The impacts of intergenerational trauma can stretch from the cradle to the grave, she adds..

“It impacts every stage of life if it’s not identified and addressed. It affects the unborn child in utero, leading to lower birth weights. It affects early childhood development and increases susceptibility to chronic illnesses and other comorbidities. And then throughout life, individuals seek out coping strategies to make their way through the world.”

Tujague says these coping strategies have traditionally been seen as “bad behaviour or “poor social skills”, especially in the education and justice system, which often perpetuates racial prejudice and isolation.

“Indigenous Peoples often face behavioural stereotypes and that all comes through intergenerational trauma. The impacts are much bigger than the individual and can permeate through families, communities and societies.”

What trauma-informed practice looks like

Before your client is even in the room, it’s vital to create a safe and soothing environment, says Ryan. This could look like calm lighting and no sounds or smells that may be triggering.

Then it’s about developing an authentic relationship with them, which requires patience for Western practitioners who, traditionally, might be used to a more “transactional” approach.

“Aboriginal and Torres Strait Islander Peoples are relational. You’re going to need a relationship with this person, albeit professional, before you start asking things.

“When working in remote communities, this may mean you will need to respect cultural protocols of having a grandmother, an aunty, an uncle, or someone else in the room who is a support and can share information with them.”

Hirvonen agrees, saying, “When trust is established and informed consent gained, health practitioners can screen and ask questions, in a culturally safe manner, about family history to ascertain histories of traumatic experiences.”

Healing someone impacted by trauma is not about “fixing” them, Ryan adds. Instead, it’s exploring where the trauma has originated, why certain coping strategies have been chosen and, if the threat is gone, helping the client build alternate strategies and meaningful solutions.

This process can be particularly challenging with identity trauma (Berman, et al., 2020), which can occur with second- or third-generation First Nations Peoples. Often people have experienced disruption and disconnection to their family lineage, and connection to their community, land or culture has been severed.

But healing “is much more complex than just reconnecting with your mob”, explains Ryan.

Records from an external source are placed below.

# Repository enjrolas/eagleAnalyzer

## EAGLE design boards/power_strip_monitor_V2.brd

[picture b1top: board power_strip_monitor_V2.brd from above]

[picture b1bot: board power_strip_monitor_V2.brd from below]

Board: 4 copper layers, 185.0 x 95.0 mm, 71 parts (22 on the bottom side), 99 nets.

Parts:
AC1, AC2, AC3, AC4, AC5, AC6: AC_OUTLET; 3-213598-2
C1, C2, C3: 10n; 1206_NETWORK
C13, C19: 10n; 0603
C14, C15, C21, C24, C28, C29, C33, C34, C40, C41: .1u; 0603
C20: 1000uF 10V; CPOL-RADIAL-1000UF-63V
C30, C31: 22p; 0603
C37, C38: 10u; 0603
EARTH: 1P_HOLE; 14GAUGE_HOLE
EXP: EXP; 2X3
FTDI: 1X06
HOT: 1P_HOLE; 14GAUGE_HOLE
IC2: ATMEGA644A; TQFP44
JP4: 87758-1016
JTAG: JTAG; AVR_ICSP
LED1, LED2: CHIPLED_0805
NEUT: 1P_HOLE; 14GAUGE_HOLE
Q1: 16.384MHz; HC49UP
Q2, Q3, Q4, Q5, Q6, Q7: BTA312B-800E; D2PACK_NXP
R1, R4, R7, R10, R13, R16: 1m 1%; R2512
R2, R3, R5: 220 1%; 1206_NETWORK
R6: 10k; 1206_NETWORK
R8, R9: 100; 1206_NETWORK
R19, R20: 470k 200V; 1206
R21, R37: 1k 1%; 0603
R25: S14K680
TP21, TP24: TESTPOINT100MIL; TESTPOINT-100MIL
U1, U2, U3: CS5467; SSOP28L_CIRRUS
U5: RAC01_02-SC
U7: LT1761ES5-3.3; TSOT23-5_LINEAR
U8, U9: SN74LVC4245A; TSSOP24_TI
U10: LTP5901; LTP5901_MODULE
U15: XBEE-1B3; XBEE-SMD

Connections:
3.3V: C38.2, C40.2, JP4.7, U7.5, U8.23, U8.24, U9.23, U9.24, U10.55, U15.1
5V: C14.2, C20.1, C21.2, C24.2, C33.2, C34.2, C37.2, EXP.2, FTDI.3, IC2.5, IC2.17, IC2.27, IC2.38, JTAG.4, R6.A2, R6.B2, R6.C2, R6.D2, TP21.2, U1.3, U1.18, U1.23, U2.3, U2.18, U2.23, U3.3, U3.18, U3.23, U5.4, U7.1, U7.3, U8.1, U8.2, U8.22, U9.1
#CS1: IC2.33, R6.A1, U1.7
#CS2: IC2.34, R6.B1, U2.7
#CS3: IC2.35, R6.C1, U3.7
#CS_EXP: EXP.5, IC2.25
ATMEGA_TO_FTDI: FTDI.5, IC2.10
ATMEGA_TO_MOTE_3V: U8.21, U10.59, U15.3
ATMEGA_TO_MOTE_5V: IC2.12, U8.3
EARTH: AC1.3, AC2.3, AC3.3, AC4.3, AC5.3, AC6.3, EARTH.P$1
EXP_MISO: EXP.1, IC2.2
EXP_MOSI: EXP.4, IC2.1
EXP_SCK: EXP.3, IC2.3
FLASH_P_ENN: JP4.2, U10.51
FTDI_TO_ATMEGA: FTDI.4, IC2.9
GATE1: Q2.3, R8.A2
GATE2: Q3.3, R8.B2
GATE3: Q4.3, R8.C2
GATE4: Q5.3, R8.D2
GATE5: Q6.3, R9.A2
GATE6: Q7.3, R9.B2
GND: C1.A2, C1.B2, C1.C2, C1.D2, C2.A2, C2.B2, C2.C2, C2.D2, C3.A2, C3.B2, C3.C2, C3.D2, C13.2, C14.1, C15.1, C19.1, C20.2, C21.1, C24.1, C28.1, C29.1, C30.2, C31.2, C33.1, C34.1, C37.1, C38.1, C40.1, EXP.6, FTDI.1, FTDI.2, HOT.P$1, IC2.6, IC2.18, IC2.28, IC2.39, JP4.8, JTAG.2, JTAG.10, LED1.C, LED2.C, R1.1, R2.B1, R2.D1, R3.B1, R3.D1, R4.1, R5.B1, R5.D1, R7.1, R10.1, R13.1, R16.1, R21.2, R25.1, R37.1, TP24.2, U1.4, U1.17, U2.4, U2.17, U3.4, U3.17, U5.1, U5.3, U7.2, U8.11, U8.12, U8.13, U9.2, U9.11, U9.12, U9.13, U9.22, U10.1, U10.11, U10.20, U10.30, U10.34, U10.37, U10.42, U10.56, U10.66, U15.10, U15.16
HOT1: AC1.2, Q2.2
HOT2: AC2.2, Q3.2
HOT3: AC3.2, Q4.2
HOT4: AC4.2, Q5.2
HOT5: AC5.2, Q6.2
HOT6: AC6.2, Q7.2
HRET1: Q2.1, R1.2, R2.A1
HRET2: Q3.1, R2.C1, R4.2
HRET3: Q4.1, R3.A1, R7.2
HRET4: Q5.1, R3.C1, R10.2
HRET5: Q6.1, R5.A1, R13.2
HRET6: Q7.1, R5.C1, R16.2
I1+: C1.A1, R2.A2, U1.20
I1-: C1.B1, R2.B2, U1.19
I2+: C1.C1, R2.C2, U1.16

“Some members of the Stolen Generations and children in the child protection system have tried to reconnect and have been rejected for multiple reasons that are tied to trauma.

“Reconnecting can be scary, so rather than encouraging individuals to do so, it’s about giving them knowledge, holding the space for them and allowing them to explore choices that work for them and how they want to heal.”

While helping First Nations Peoples to heal from intergenerational trauma may seem overwhelming for non-Indigenous psychologists, Tujague says there’s no expectation that they have all the answers, nor an understanding of their client’s entire individual culture. However, for effective practice, they will need to know how loss of cultural connection impacts the individual’s wellbeing.

“We may be the professionals, but they’re the experts of who they are, so it’s about bringing those two world views together and not privileging one over the other,” says Tujague.

“That’s why you need a relationship, not a transaction, to see everything that impacts this person rather than just looking for the bits that you need,” says Ryan. “You need to know the whole story – the winding-road story.”